Learning to Perceive Humans From Appearance and Pose
Abstract
Analyzing humans and their activities takes a central role in computer vision. This requires machine learning models to encapsulate both the diverse poses and appearances exhibited by humans. Estimating the 3D poses of highly deformable humans from monocular RGB images remains an important, challenging, and unsolved problem with applications in human-robot interaction, augmented reality, gaming industry, etc. Another important task is to identify the same human targets across camera viewpoints in a wide-area video surveillance setup, requiring learning discriminative and robust representations of human appearances under large variabilities of poses, backgrounds, and illuminations. In this thesis, we study several computer vision problems under the theme of estimating human pose and modeling appearance from monocular images.
Estimating the 3D pose from a single image is an ill-posed classical inverse problem as the model lacks depth information. In such scenarios, supervised approaches tend to perform well by guiding the model towards plausible poses. While assuming the availability of a labeled dataset is itself impractical, such approaches tend to suffer from poor generalization to unseen datasets. We thus formulate the problem as an unsupervised learning task and propose a novel framework that consists of a series of differentiable transformations acting as a suitable bottleneck, stimulating effective pose disentanglement. Furthermore, the proposed adaptation technique enables learning from in-the-wild videos beyond laboratory settings, thereby resulting in superior generalizability across diverse and unseen environments.
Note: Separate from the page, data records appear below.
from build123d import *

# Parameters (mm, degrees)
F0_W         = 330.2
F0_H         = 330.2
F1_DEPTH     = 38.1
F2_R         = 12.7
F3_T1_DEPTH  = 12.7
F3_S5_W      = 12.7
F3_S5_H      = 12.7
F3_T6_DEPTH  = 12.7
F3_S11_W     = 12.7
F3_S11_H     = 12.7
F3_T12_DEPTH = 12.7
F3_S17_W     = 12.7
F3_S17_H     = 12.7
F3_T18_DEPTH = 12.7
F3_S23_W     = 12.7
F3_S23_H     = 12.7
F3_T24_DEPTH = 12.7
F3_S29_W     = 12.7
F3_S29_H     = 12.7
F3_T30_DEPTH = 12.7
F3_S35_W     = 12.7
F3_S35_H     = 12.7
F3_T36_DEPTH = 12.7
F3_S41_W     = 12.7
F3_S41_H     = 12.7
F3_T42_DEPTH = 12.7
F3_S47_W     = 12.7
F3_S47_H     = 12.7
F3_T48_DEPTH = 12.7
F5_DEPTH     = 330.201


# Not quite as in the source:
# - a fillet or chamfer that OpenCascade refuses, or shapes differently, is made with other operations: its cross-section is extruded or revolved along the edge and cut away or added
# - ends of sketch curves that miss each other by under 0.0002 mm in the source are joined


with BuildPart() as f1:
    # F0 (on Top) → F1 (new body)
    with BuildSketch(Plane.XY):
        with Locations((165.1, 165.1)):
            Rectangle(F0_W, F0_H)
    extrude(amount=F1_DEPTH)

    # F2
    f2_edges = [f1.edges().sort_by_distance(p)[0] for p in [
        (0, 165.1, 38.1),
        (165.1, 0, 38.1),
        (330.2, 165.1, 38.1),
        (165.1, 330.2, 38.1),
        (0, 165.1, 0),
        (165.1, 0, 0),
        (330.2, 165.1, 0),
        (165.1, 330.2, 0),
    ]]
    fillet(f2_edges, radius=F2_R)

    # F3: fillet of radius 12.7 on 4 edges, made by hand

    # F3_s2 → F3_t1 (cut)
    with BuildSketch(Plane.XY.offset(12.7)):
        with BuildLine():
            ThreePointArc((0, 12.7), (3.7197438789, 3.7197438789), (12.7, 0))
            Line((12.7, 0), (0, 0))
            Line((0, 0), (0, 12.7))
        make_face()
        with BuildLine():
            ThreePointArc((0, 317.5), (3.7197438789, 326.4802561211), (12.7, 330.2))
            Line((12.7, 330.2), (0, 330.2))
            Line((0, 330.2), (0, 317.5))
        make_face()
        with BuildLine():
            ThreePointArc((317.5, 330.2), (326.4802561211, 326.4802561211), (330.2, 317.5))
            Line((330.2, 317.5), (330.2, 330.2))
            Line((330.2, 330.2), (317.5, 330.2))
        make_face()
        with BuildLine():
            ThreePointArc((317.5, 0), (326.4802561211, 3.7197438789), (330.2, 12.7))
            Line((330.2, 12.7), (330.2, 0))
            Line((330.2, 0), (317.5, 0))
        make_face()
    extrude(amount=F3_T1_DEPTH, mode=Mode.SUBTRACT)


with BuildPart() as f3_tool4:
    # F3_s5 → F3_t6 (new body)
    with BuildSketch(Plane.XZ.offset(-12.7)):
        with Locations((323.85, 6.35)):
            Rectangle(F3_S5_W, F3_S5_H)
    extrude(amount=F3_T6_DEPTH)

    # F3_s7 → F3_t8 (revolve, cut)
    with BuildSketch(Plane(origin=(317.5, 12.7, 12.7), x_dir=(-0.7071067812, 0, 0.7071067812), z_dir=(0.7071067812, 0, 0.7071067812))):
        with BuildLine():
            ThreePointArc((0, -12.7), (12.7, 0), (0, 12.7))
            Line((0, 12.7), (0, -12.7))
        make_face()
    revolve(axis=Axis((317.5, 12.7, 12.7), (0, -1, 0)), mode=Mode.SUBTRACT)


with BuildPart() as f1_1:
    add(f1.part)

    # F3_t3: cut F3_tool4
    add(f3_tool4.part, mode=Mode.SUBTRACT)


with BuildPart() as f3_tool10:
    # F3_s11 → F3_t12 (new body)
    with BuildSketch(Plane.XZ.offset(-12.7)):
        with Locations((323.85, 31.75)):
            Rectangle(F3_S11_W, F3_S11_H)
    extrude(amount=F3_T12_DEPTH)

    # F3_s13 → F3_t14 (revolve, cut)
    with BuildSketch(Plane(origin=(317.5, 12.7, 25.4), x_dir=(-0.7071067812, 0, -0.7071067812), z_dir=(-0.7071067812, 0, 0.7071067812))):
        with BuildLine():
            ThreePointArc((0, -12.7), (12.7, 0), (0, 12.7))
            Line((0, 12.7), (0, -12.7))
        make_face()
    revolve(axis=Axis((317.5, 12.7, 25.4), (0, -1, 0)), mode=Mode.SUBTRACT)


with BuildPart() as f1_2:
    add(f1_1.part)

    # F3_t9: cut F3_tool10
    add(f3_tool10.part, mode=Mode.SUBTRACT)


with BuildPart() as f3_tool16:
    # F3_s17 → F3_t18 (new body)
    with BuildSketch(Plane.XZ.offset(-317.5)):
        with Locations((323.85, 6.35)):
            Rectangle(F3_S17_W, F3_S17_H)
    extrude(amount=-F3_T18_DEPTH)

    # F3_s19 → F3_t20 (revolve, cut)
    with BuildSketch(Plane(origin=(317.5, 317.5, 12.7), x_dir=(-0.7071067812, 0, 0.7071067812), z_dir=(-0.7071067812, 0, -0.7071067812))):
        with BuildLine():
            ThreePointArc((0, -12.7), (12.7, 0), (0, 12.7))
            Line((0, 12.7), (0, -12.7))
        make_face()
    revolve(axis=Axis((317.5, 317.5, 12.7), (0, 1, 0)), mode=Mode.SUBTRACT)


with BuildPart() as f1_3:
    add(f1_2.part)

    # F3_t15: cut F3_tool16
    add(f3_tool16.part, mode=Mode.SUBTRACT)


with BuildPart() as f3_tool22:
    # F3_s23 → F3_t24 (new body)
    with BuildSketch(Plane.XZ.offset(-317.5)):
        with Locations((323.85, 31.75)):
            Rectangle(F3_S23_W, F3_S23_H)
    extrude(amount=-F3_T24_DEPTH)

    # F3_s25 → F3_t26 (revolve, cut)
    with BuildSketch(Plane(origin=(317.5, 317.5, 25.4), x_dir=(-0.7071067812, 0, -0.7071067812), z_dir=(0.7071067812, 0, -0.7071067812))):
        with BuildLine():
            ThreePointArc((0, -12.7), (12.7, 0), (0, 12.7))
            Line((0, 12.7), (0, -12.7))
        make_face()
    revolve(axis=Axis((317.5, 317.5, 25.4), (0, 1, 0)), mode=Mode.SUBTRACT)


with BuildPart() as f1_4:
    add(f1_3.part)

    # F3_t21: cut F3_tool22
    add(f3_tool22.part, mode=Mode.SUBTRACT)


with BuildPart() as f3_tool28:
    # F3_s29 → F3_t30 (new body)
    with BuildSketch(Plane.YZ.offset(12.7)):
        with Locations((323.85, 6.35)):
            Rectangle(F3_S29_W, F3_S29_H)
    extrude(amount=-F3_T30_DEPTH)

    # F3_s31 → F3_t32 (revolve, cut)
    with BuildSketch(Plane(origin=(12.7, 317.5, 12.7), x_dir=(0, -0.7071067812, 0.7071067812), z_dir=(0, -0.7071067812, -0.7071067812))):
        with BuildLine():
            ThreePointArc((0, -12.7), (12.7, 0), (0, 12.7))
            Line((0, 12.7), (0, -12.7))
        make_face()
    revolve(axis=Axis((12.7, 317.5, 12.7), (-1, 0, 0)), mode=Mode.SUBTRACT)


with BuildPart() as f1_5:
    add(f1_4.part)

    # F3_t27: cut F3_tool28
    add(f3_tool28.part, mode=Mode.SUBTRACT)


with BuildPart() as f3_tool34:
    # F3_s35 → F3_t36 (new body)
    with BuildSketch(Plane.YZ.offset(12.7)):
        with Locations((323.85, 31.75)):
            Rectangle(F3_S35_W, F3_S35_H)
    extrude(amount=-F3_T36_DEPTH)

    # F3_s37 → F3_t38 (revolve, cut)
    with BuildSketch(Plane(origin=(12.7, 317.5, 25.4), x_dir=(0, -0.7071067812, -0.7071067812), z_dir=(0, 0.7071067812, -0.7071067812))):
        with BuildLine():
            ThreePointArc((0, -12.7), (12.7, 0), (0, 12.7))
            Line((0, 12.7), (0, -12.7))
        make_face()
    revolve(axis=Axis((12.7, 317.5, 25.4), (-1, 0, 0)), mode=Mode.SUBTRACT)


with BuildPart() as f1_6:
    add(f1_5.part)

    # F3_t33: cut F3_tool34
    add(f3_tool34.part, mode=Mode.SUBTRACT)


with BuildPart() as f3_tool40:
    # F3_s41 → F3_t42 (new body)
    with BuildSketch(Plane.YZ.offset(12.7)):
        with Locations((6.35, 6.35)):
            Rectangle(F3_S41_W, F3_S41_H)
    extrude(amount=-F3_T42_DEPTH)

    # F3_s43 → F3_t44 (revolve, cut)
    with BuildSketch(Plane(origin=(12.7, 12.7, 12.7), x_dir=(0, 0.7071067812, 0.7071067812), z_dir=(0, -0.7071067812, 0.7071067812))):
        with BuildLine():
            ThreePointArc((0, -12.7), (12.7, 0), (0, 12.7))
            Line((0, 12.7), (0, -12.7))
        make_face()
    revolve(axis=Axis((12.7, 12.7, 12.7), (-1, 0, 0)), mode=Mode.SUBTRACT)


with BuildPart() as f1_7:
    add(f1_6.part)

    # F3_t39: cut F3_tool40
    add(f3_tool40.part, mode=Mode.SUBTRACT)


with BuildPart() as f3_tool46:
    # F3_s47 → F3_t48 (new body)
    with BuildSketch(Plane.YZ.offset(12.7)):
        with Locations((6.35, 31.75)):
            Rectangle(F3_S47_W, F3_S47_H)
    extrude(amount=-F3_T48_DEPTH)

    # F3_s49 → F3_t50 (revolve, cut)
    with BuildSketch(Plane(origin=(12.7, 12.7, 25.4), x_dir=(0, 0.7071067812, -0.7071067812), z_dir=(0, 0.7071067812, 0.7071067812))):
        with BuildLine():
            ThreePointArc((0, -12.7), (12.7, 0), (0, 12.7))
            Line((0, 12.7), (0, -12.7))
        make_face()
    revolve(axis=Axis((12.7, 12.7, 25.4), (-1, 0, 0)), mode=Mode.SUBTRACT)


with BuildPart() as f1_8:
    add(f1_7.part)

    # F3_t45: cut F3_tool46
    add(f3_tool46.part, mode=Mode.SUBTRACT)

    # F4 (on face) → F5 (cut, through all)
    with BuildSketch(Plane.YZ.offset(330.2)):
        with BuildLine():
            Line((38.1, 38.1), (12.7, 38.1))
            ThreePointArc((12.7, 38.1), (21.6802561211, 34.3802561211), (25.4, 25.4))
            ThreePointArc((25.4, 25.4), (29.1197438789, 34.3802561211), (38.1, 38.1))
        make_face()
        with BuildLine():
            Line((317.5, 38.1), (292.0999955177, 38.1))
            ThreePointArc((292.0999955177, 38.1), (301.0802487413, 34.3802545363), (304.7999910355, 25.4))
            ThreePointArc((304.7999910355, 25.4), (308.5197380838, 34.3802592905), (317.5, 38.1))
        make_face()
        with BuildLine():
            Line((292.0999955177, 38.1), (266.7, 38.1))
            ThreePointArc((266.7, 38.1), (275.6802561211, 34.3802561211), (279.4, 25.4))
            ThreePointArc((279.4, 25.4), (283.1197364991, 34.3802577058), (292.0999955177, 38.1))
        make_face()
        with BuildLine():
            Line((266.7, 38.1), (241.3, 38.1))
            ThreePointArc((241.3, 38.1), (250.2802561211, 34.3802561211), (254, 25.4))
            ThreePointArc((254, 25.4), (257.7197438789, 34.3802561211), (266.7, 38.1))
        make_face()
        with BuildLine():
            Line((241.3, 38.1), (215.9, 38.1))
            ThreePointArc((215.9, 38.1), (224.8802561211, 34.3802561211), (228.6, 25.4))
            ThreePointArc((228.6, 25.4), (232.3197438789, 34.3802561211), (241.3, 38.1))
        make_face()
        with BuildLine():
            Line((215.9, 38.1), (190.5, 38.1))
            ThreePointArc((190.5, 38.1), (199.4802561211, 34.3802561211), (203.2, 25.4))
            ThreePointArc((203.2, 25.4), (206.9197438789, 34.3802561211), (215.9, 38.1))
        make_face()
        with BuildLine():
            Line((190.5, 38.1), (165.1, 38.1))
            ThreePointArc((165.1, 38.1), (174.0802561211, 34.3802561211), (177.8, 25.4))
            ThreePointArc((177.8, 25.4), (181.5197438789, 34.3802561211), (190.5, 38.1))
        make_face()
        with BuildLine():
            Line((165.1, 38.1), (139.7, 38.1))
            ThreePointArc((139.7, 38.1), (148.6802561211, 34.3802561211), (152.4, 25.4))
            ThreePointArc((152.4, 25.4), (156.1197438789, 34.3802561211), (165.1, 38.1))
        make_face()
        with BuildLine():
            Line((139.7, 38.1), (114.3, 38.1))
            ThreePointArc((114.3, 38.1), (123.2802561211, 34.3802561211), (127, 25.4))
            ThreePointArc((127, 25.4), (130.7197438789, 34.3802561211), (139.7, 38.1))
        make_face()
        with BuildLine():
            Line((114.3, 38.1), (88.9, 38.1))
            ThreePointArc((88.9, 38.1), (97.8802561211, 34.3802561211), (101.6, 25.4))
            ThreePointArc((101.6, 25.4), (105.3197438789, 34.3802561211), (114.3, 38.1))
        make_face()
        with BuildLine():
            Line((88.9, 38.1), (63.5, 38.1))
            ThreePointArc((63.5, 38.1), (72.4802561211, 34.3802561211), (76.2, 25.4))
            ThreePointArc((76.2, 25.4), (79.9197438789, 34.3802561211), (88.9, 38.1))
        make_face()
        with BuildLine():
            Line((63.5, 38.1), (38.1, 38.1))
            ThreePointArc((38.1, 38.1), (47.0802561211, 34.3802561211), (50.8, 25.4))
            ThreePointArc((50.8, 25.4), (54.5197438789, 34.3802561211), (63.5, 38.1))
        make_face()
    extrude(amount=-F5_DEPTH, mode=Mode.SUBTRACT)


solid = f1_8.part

The 3D pose estimation models discard variations in a human body, e.g., shape and appearance, which may help solve other related tasks such as body-part segmentation. As a next step, we design a single part-based 2D puppet model, relying on human pose articulation constraints and a set of unpaired 3D poses to estimate both 3D poses and part segments from human-centric images. Unlike our previous work, the proposed part-based model allows us to operate on videos with diverse camera movements.
The approaches above cast the 3D pose estimation problem as a task of disentangling human pose and appearance. Different from these, we propose to cast the 3D pose learning as a cross-modal alignment problem in our subsequent work. We consider the availability of an unpaired pool of short-length natural action videos and 3D pose sequences from the input and output modalities respectively. We introduce a novel technique for self-supervised alignment across these modalities while relying on preserving higher-order non-local relations in a pre-learned, latent pose space to attain superior generalizability over the state-of-the-art.
Unsupervised person re-identification (re-ID) aims to tackle the problem of matching identities across non-overlapping cameras without any assumption of labels during training. We propose a two-stage training strategy towards solving this task. First, we train a deep network on an expertly designed pose-transformed dataset obtained by generating multiple perturbations in the pose space for each original image. Next, the network learns to attend to the fundamental aspects of feature learning - compact clusters with low intra-cluster and high inter-cluster variation, thereby mapping similar features closer using the proposed discriminative clustering algorithm. Experiments on large-scale re-ID datasets demonstrate the superiority of our method against state-of-the-art approaches.